Sample plates must be taken from each lot of 200 or less spheres.
    (2) Specimens must conform to the following:
    (i) A gauge length of 8 inches with a width not over 1\1/2\ inches, 
or a gauge length of 2 inches with a width not over 1\1/2\ inches, or a 
gauge length at least 24 times the thickness with a width not over 6 
times the thickness is authorized when a cylinder wall is not over \3/
16\ inch thick.
    (ii) The specimen, exclusive of grip ends, may not be flattened. 
Grip ends may be flattened to within one inch of each end of the reduced 
section.
    (iii) When size of the cylinder does not permit securing straight 
specimens, the specimens may be taken in any location or direction and 
may be straightened or flattened cold, by pressure only, not by blows. 
When specimens are so taken and prepared, the inspector's report must 
show in connection with record of physical tests detailed information in 
regard to such specimens.
    (iv) Heating of a specimen for any purpose is not authorized.
    (3) The yield strength in tension must be the stress corresponding 
to a permanent strain of 0.2 percent of the gauge length. The following 
conditions apply:
    (i) The yield strength must be determined by either the ``offset'' 
method or the ``extension under load'' method as prescribed in ASTM E 8 
(IBR, see Sec.  171.7 of this subchapter).

[[Page 865]]

    (ii) In using the ``extension under load'' method, the total strain 
(or ``extension under load''), corresponding to the stress at which the 
0.2 percent permanent strain occurs may be determined with sufficient 
accuracy by calculating the elastic extension of the gauge length under 
appropriate load and adding thereto 0.2 percent of the gauge length. 
Elastic extension calculations must be based on an elastic modulus of 
30,000,000. In the event of controversy, the entire stress-strain 
diagram must be plotted and the yield strength determined from the 0.2 
percent offset.
    (iii) For the purpose of strain measurement, the initial strain 
reference must be set while the specimen is under a stress of 12,000 
psi, and the strain indicator reading must be set at the calculated 
corresponding strain.
    (iv) Cross-head speed of the testing machine may not exceed \1/8\ 
inch per minute during yield strength determination.
    (k) Elongation. Physical test specimens must show at least a 40 
percent elongation for a 2-inch gauge length or at least 20 percent in 
other cases. Except that these elongation percentages may be reduced 
numerically by 2 for 2-inch specimens, and by 1 in other cases, for each 
7,500 psi increment of tensile strength above 50,000 psi to a maximum of 
four such increments.
    (l) Tests of welds.
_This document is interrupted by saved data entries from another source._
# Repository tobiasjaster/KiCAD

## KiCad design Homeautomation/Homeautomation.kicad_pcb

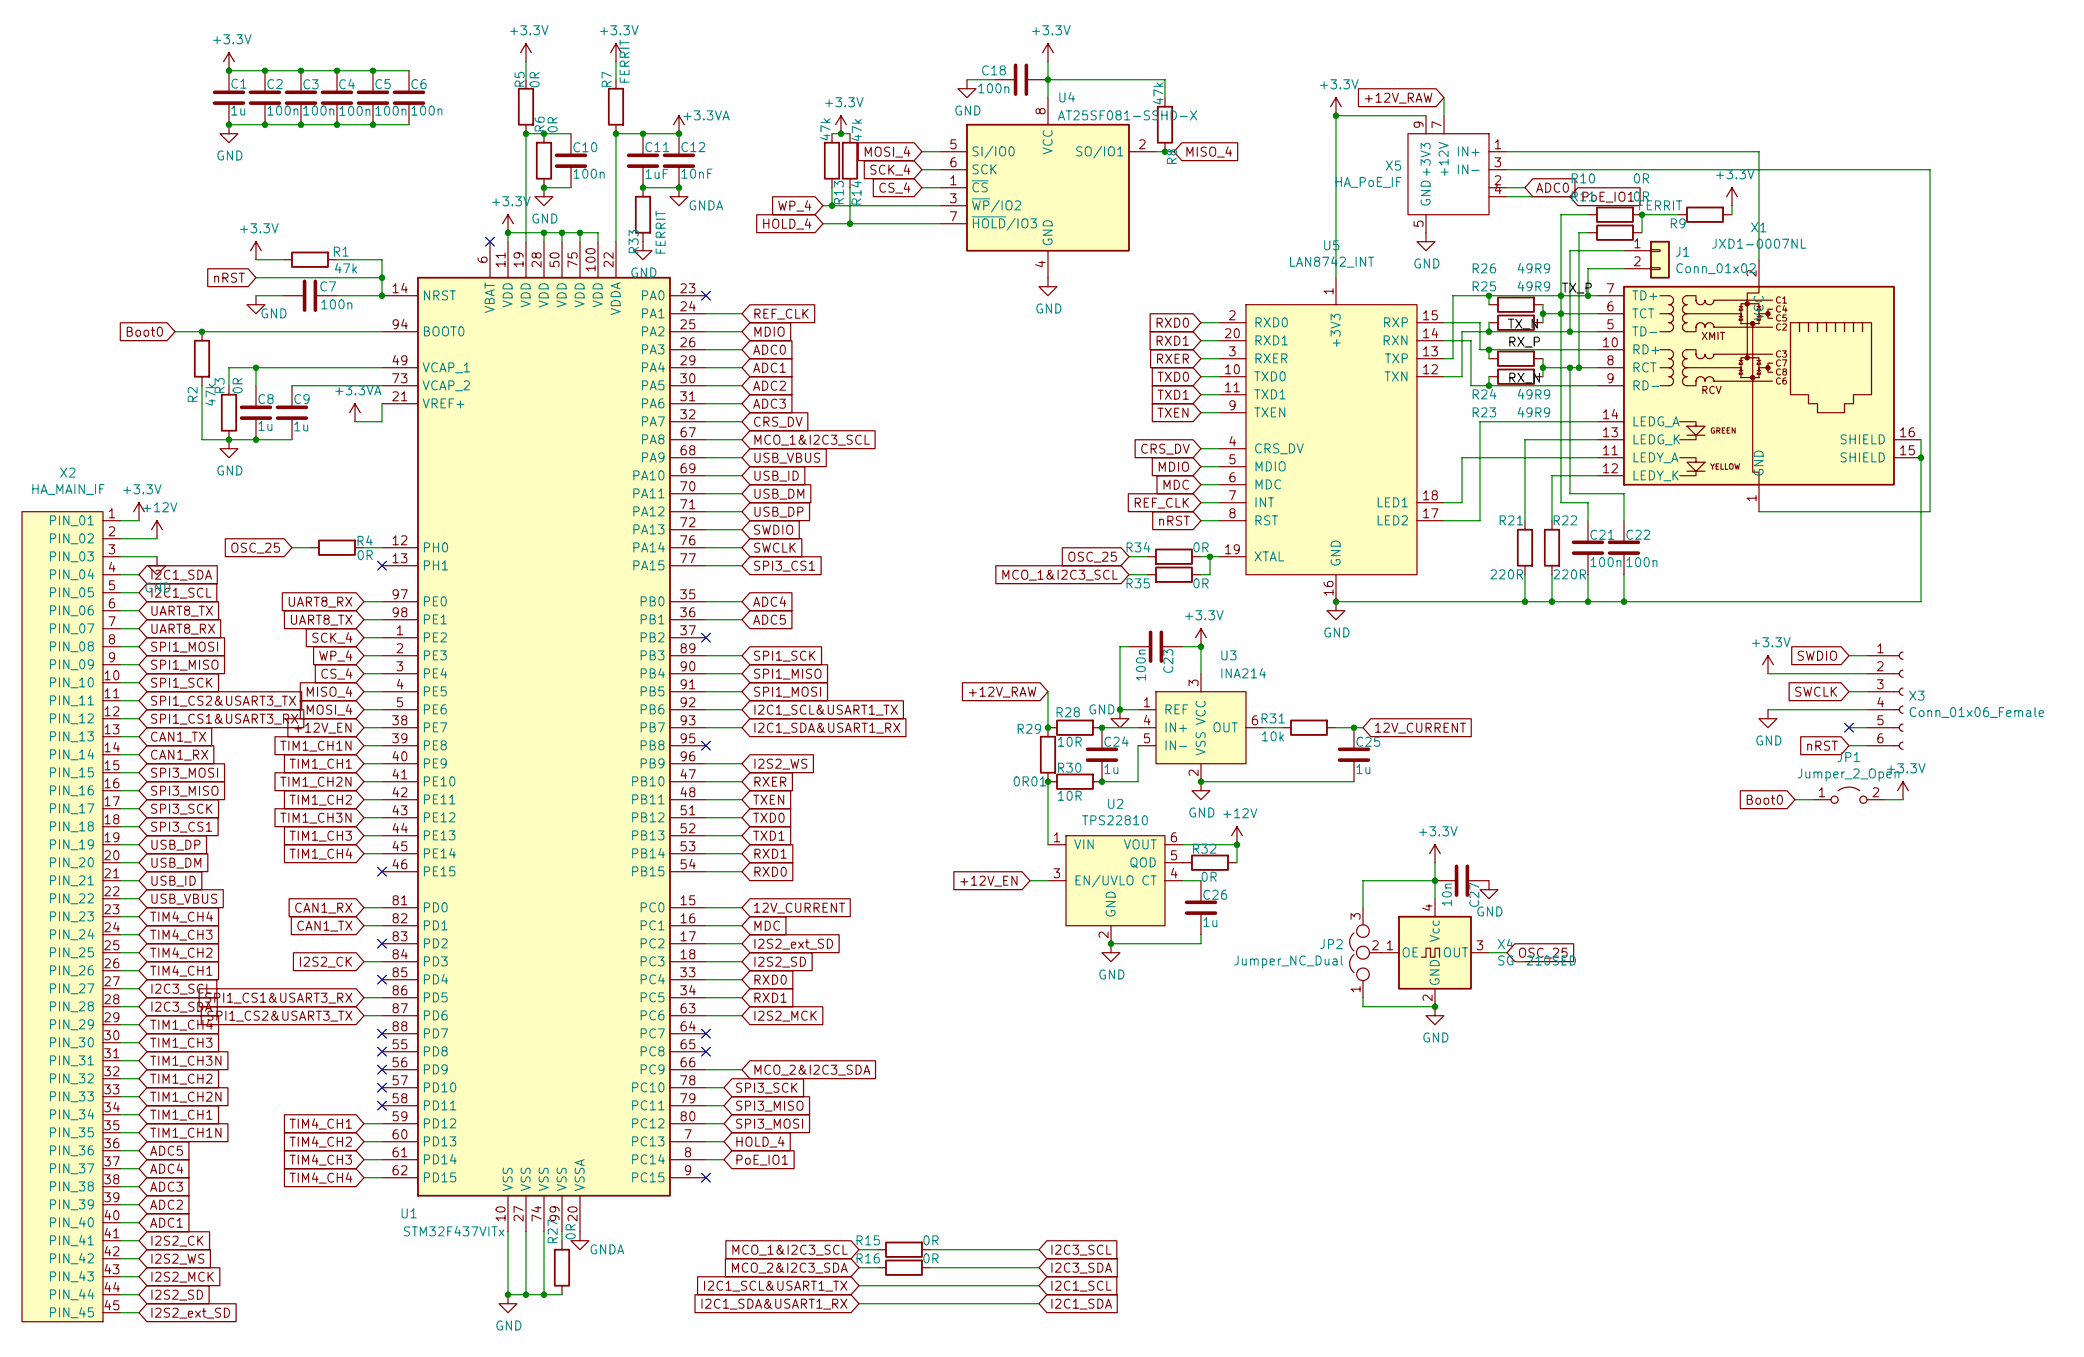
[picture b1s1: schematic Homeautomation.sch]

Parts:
C1, C8, C9, C24, C25, C26: 1u; C_0603_1608Metric
C2, C3, C4, C5, C6, C7, C10, C18, C21, C22, C23: 100n; C_0402_1005Metric
C11: 1uF; C_0603_1608Metric
C12: 10nF; C_0402_1005Metric
C27: 10n; C_0603_1608Metric
J1: Conn_01x02; Wago_243_211_1x02_P5.80mm_Vertical
JP1: Jumper_2_Open; SolderJumper-2_P1.3mm_Open_Pad1.0x1.5mm
JP2: Jumper_NC_Dual; SolderJumper-3_P1.3mm_Open_RoundedPad1.0x1.5mm
R1, R2, R8, R13, R14: 47k; R_0402_1005Metric
R3, R4, R5, R6, R10, R11, R15, R16, R27, R32, R34, R35: 0R; R_0402_1005Metric
R7, R9, R33: FERRIT; R_0603_1608Metric
R21, R22: 220R; R_0402_1005Metric
R23, R24, R25, R26: 49R9; R_0402_1005Metric
R28, R30: 10R; R_0402_1005Metric
R29: 0R01; R_0805_2012Metric
R31: 10k; R_0402_1005Metric
U1: STM32F437VITx; LQFP-100_14x14mm_P0.5mm
U2: TPS22810; SOT-23-6
U3: INA214; SOT-363_SC-70-6
U4: AT25SF081-SSHD-X; SOIC-8_3.9x4.9mm_P1.27mm
U5: LAN8742_INT; Bus_Interface_TJHome_Base
X1: JXD1-0007NL
X2: HA_MAIN_IF; HA_MAIN_IF2
X3: Conn_01x06_Female; JST_SH_SM06B-SRSS-TB_1x06-1MP_P1.00mm_Horizontal
X4: SG-210SED; Oscillator_SMD_SeikoEpson_SG210-4Pin_2.5x2.0mm
X5: HA_PoE_IF

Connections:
12V_CURRENT: C25.2, R31.2, U1.15 (PC0)
+3.3VA: C11.1, C12.1, R7.2, U1.21 (VREF+), U1.22 (VDDA)
+3V3: C1.1, C2.1, C3.1, C4.1, C5.1, C6.1, C18.1, C23.2, C27.1, JP1.2 (B), JP2.3, R1.1, R5.1, R7.1, R8.2, R9.2, R13.2, R14.2, U1.11 (VDD), U1.28 (VDD), U1.50 (VDD), U1.75 (VDD), U1.100 (VDD), U3.3 (VCC), U4.8 (VCC), U5.1 (+3V3), X2.1 (PIN_01), X3.2, X4.4 (Vcc), X5.9 (+3V3), X5.10; also elsewhere on the board
+12V: R32.2, U2.6 (VOUT), X2.2 (PIN_02)
+12V_EN: U1.38 (PE7), U2.3 (EN/UVLO)
+12V_RAW: R28.1, R29.1, X5.7 (+12V), X5.8
/RX_N: R23.1, U5.14 (RXN), X1.9 (RD-)
/RX_P: R24.1, U5.15 (RXP), X1.10 (RD+)
/TX_N: J1.1, R25.1, U5.12 (TXN), X1.5 (TD-)
/TX_P: C21.2, J1.2, R10.1, R25.2, R26.1, R26.2, U5.13 (TXP), X1.6 (TCT), X1.7 (TD+)
ADC0: U1.26 (PA3), X5.2
ADC1: U1.29 (PA4), X2.40 (PIN_40)
ADC2: U1.30 (PA5), X2.39 (PIN_39)
ADC3: U1.31 (PA6), X2.38 (PIN_38)
ADC4: U1.35 (PB0), X2.37 (PIN_37)
ADC5: U1.36 (PB1), X2.36 (PIN_36)
Boot0: JP1.1 (A), R2.1, U1.94 (BOOT0)
CAN1_RX: U1.81 (PD0), X2.14 (PIN_14)
CAN1_TX: U1.82 (PD1), X2.13 (PIN_13)
CRS_DV: U1.32 (PA7), U5.4 (CRS_DV)
CS_4: U1.3 (PE4), U4.1 (~CS)
GND: C1.2, C2.2, C3.2, C4.2, C5.2, C6.2, C7.2, C8.2, C9.2, C10.2, C18.2, C21.1, C22.1, C23.1, C25.1, C26.1, C27.2, JP2.1, R2.2, R3.1, R6.1, R21.2, R22.2, R27.1, R33.2, U1.10 (VSS), U1.27 (VSS), U1.74 (VSS), U2.2 (GND), U3.1 (REF), U3.2 (VSS), U4.4 (GND), U5.16 (GND), X1.15 (SHIELD), X1.16 (SHIELD), X2.3 (PIN_03), X3.4, X4.2 (GND), X5.5 (GND), X5.6 (GND)
GNDA: C11.2, C12.2, R33.1, U1.20 (VSSA)
HOLD_4: R14.1, U1.7 (PC13), U4.7 (~HOLD~/IO3)
I2C1_SCL: U1.92 (PB6), X2.5 (PIN_05); also elsewhere on the board
I2C1_SDA: U1.93 (PB7), X2.4 (PIN_04); also elsewhere on the board
I2C3_SCL: R15.2, X2.27 (PIN_27); also elsewhere on the board
I2C3_SDA: R16.2, X2.28 (PIN_28); also elsewhere on the board
I2S2_CK: U1.84 (PD3), X2.41 (PIN_41)
I2S2_MCK: U1.63 (PC6), X2.43 (PIN_43)
I2S2_SD: U1.18 (PC3), X2.44 (PIN_44)
I2S2_WS: U1.96 (PB9), X2.42 (PIN_42)
I2S2_ext_SD: U1.17 (PC2), X2.45 (PIN_45)
MCO_1&I2C3_SCL: R15.1, R35.2, U1.67 (PA8)
MCO_2&I2C3_SDA: R16.1, U1.66 (PC9)
MDC: U1.16 (PC1), U5.6 (MDC)
MDIO: U1.25 (PA2), U5.5 (MDIO)
MISO_4: R8.1, U1.4 (PE5), U4.2 (SO/IO1)
MOSI_4: U1.5 (PE6), U4.5 (SI/IO0)
unnamed: C8.1, R3.2, U1.49 (VCAP_1)
unnamed: C9.1, U1.73 (VCAP_2)
unnamed: C10.1, R5.2, R6.2, U1.19 (VDD)
unnamed: C22.2, R11.1, R23.2, R24.2, X1.8 (RCT)
unnamed: C24.1, R30.2, U3.5 (IN-)
unnamed: C24.2, R28.2, U3.4 (IN+)
unnamed: C26.2, U2.4 (CT)
unnamed: JP2.2, X4.1 (OE)
unnamed: R4.2, U1.12 (PH0)
unnamed: R9.1, R10.2, R11.2
unnamed: R21.1, X1.13 (LEDG_K)
unnamed: R22.1, X1.12 (LEDY_K)
unnamed: R27.2, U1.99 (VSS)
unnamed: R29.2, R30.1, U2.1 (VIN)
unnamed: R31.1, U3.6 (OUT)
unnamed: R32.1, U2.5 (QOD)
unnamed: R34.1, R35.1, U5.19 (XTAL)
unnamed: U5.17 (LED2), X1.14 (LEDG_A)
unnamed: U5.18 (LED1), X1.11 (LEDY_A)
unnamed: X1.1 (GND), X5.3 (IN-)
unnamed: X1.2 (VCC), X5.1 (IN+)
OSC_25: R4.1, R34.2, X4.3 (OUT)
PoE_IO1: U1.8 (PC14), X5.4
REF_CLK: U1.24 (PA1), U5.7 (INT)
RXD0: U1.33 (PC4), U1.54 (PB15), U5.2 (RXD0)
RXD1: U1.34 (PC5), U1.53 (PB14), U5.20 (RXD1)
RXER: U1.47 (PB10), U5.3 (RXER)
SCK_4: U1.1 (PE2), U4.6 (SCK)
SPI1_CS1&USART3_RX: U1.86 (PD5), X2.12 (PIN_12)
SPI1_CS2&USART3_TX: U1.87 (PD6), X2.11 (PIN_11)
SPI1_MISO: U1.90 (PB4), X2.9 (PIN_09)
SPI1_MOSI: U1.91 (PB5), X2.8 (PIN_08)
SPI1_SCK: U1.89 (PB3), X2.10 (PIN_10)
SPI3_CS1: U1.77 (PA15), X2.18 (PIN_18)
SPI3_MISO: U1.79 (PC11), X2.16 (PIN_16)
SPI3_MOSI: U1.80 (PC12), X2.15 (PIN_15)
SPI3_SCK: U1.78 (PC10), X2.17 (PIN_17)
SWCLK: U1.76 (PA14), X3.3
SWDIO: U1.72 (PA13), X3.1
TIM1_CH1: U1.40 (PE9), X2.34 (PIN_34)
TIM1_CH1N: U1.39 (PE8), X2.35 (PIN_35)
TIM1_CH2: U1.42 (PE11), X2.32 (PIN_32)
TIM1_CH2N: U1.41 (PE10), X2.33 (PIN_33)
TIM1_CH3: U1.44 (PE13), X2.30 (PIN_30)
TIM1_CH3N: U1.43 (PE12), X2.31 (PIN_31)
TIM1_CH4: U1.45 (PE14), X2.29 (PIN_29)
TIM4_CH1: U1.59 (PD12), X2.26 (PIN_26)
TIM4_CH2: U1.60 (PD13), X2.25 (PIN_25)
TIM4_CH3: U1.61 (PD14), X2.24 (PIN_24)
TIM4_CH4: U1.62 (PD15), X2.23 (PIN_23)
TXD0: U1.51 (PB12), U5.10 (TXD0)
TXD1: U1.52 (PB13), U5.11 (TXD1)
TXEN: U1.48 (PB11), U5.9 (TXEN)
UART8_RX: U1.97 (PE0), X2.7 (PIN_07)
UART8_TX: U1.98 (PE1), X2.6 (PIN_06)
USB_DM: U1.70 (PA11), X2.20 (PIN_20)
USB_DP: U1.71 (PA12), X2.19 (PIN_19)
USB_ID: U1.69 (PA10), X2.21 (PIN_21)
USB_VBUS: U1.68 (PA9), X2.22 (PIN_22)
WP_4: R13.1, U1.2 (PE3), U4.3 (~WP~/IO2)
nRST: C7.1, R1.2, U1.14 (NRST), U5.8 (RST), X3.6

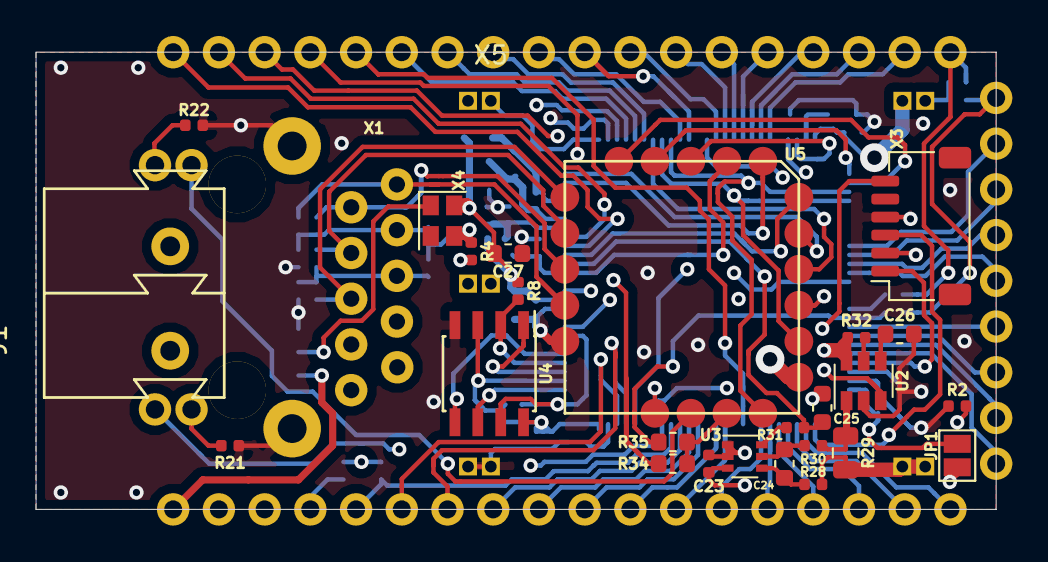
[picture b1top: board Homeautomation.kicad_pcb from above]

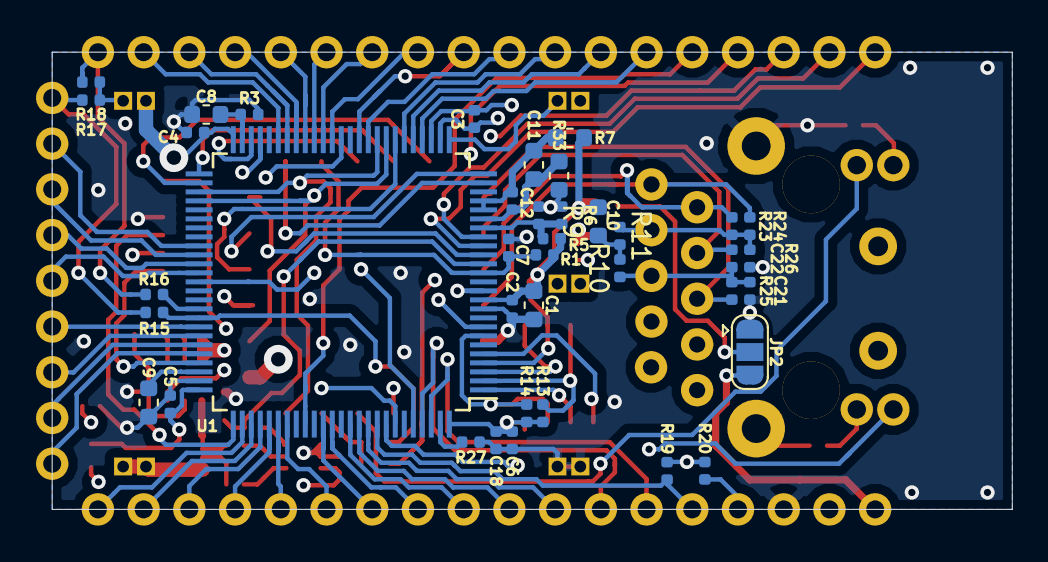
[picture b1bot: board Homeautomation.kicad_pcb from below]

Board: 4 copper layers, 53.3 x 25.4 mm, 67 parts (39 on the bottom side), 100 nets.

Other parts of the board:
R17, R18, R19, R20: 4k7; R_0402_1005Metric

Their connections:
+3V3: R17.2, R18.2, R19.2, R20.2; also elsewhere on the board
I2C1_SCL: R19.1; also elsewhere on the board
I2C1_SDA: R20.1; also elsewhere on the board
I2C3_SCL: R17.1; also elsewhere on the board
I2C3_SDA: R18.1; also elsewhere on the board

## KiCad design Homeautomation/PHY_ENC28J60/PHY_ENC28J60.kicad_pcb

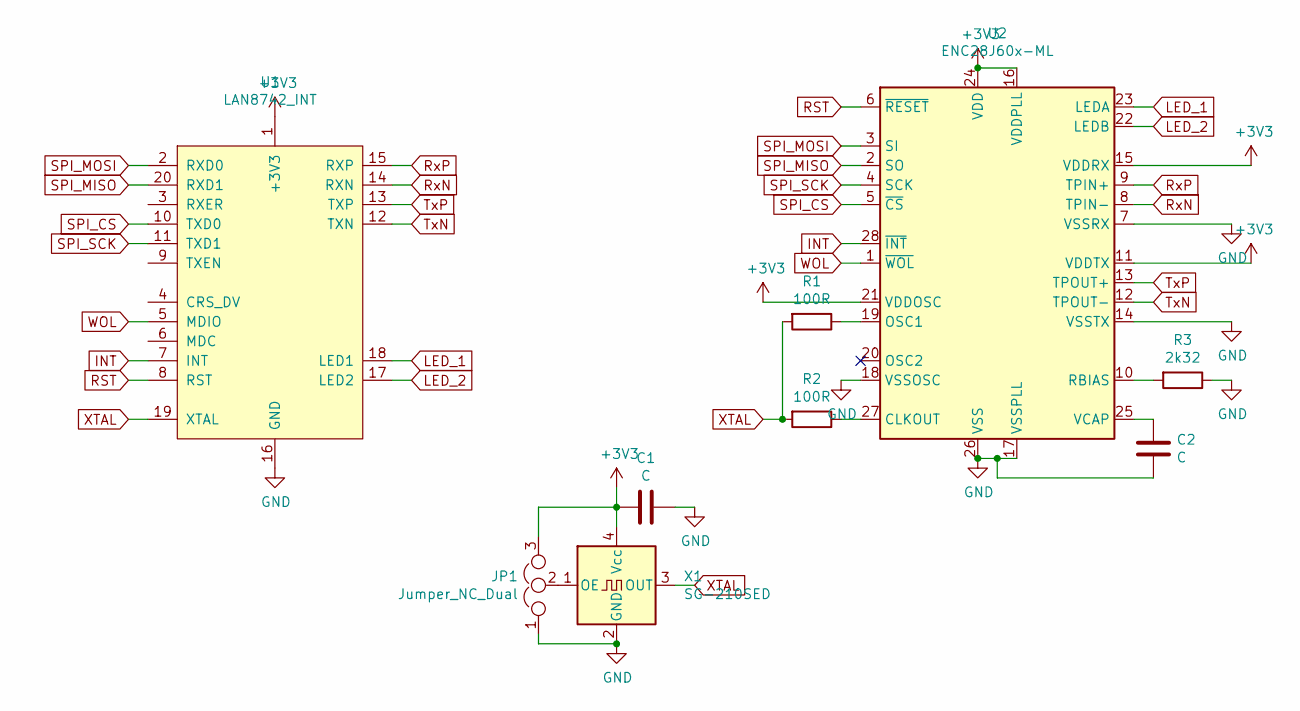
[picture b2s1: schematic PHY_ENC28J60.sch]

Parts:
C1: C; C_1206_3216Metric_Pad1.42x1.75mm_HandSolder
C2: C; C_0603_1608Metric_Pad1.05x0.95mm_HandSolder
JP1: Jumper_NC_Dual; SolderJumper-3_P0.7mm_Open_Pad0.5x0.8mm
R1, R2: 100R; R_0402_1005Metric
R3: 2k32; R_0603_1608Metric
U1: LAN8742_INT; LAN8742_INT_B
U2: ENC28J60x-ML; QFN-28-1EP_6x6mm_P0.65mm_EP4.25x4.25mm
X1: SG-210SED; Oscillator_SMD_SeikoEpson_SG210-4Pin_2.5x2.0mm

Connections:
+3V3: C1.2, JP1.3, U1.1 (+3V3), U2.11 (VDDTX), U2.15 (VDDRX), U2.16 (VDDPLL), U2.21 (VDDOSC), U2.24 (VDD), X1.4 (Vcc)
GND: C1.1, C2.2, JP1.1, R3.1, U1.16 (GND), U2.7 (VSSRX), U2.14 (VSSTX), U2.17 (VSSPLL), U2.18 (VSSOSC), U2.26 (VSS), X1.2 (GND)
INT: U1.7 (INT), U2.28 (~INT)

Except for brazed seams, welds must be tested as 
follows:
    (1) Tensile test. A specimen must be cut from one cylinder of each 
lot of 200 or less, or welded test plate. The welded test plate must be 
of one of the heats in the lot of 200 or less which it represents, in 
the same condition and approximately the same thickness as the cylinder 
wall except that in no case must it be of a lesser thickness than that 
required for a quarter size Charpy impact specimen. The weld must be 
made by the same procedures and subjected to the same heat treatment as 
the major weld on the cylinder. The specimen must be taken from across 
the major seam and must be prepared and tested in accordance with and 
must meet the requirements of CGA Pamphlet C-3 (IBR, see Sec.  171.7 of 
this subchapter). Should this specimen fail to meet the requirements, 
specimens may be taken from two additional cylinders or welded test 
plates from the same lot and tested. If either of the latter specimens 
fail to meet the requirements, the entire lot represented must be 
rejected.
    (2) Guided bend test. A root bend test specimen must be cut from the 
cylinder or welded test plate, used for the tensile test specified in 
paragraph (l)(1) of this section. Specimens must be taken from across 
the major seam and must be prepared and tested in accordance with and 
must meet the requirements of CGA Pamphlet C-3.
    (3) Alternate guided-bend test. This test may be used and must be as 
required by CGA Pamphlet C-3. The specimen must be bent until the 
elongation at the outer surface, adjacent to the root of the weld, 
between the lightly scribed gage lines a to b, must be at least 20 
percent, except that this percentage may be reduced for steels having a 
tensile strength in excess of 50,000 psig, as provided in paragraph (k) 
of this section.
    (m) Rejected cylinders. Reheat treatment is authorized for rejected 
cylinders. Subsequent thereto, cylinders must pass all prescribed tests 
to be acceptable. Repair of brazed seams by brazing and welded seams by 
welding is authorized.
    (n) Markings. Markings must be stamped plainly and permanently in 
one of the following locations on the cylinder:
    (1) On shoulders and top heads not less than 0.087 inch thick.
    (2) On side wall adjacent to top head for side walls not less than 
0.090 inch thick.
    (3) On a cylindrical portion of the shell which extends beyond the 
recessed bottom of the cylinder constituting an integral and non-
pressure part of the cylinder.
    (4) On a plate attached to the top of the cylinder or permanent part 
thereof; sufficient space must be left on the plate to provide for 
stamping at least six retest dates; the plate must be at least \1/16\ 
inch thick and must be attached by welding, or by brazing at a 
temperature of at least 1100 [deg]F., throughout all edges of the plate.
    (5) On the neck, neckring, valve boss, valve protection sleeve, or 
similar part

[[Page 866]]

permanently attached to the top of the cylinder.
    (6) On the footring permanently attached to the cylinder, provided 
the water capacity of the cylinder does not exceed 25 pounds.

[Amdt. 178-114, 61 FR 25942, May 23, 1996, as amended at 66 FR 4535, 
Aug. 28, 2001; 67 FR 16015, Sept. 27, 2002; 67 FR 51653, Aug. 8, 2002; 
68 FR 75748, Dec. 31, 2003]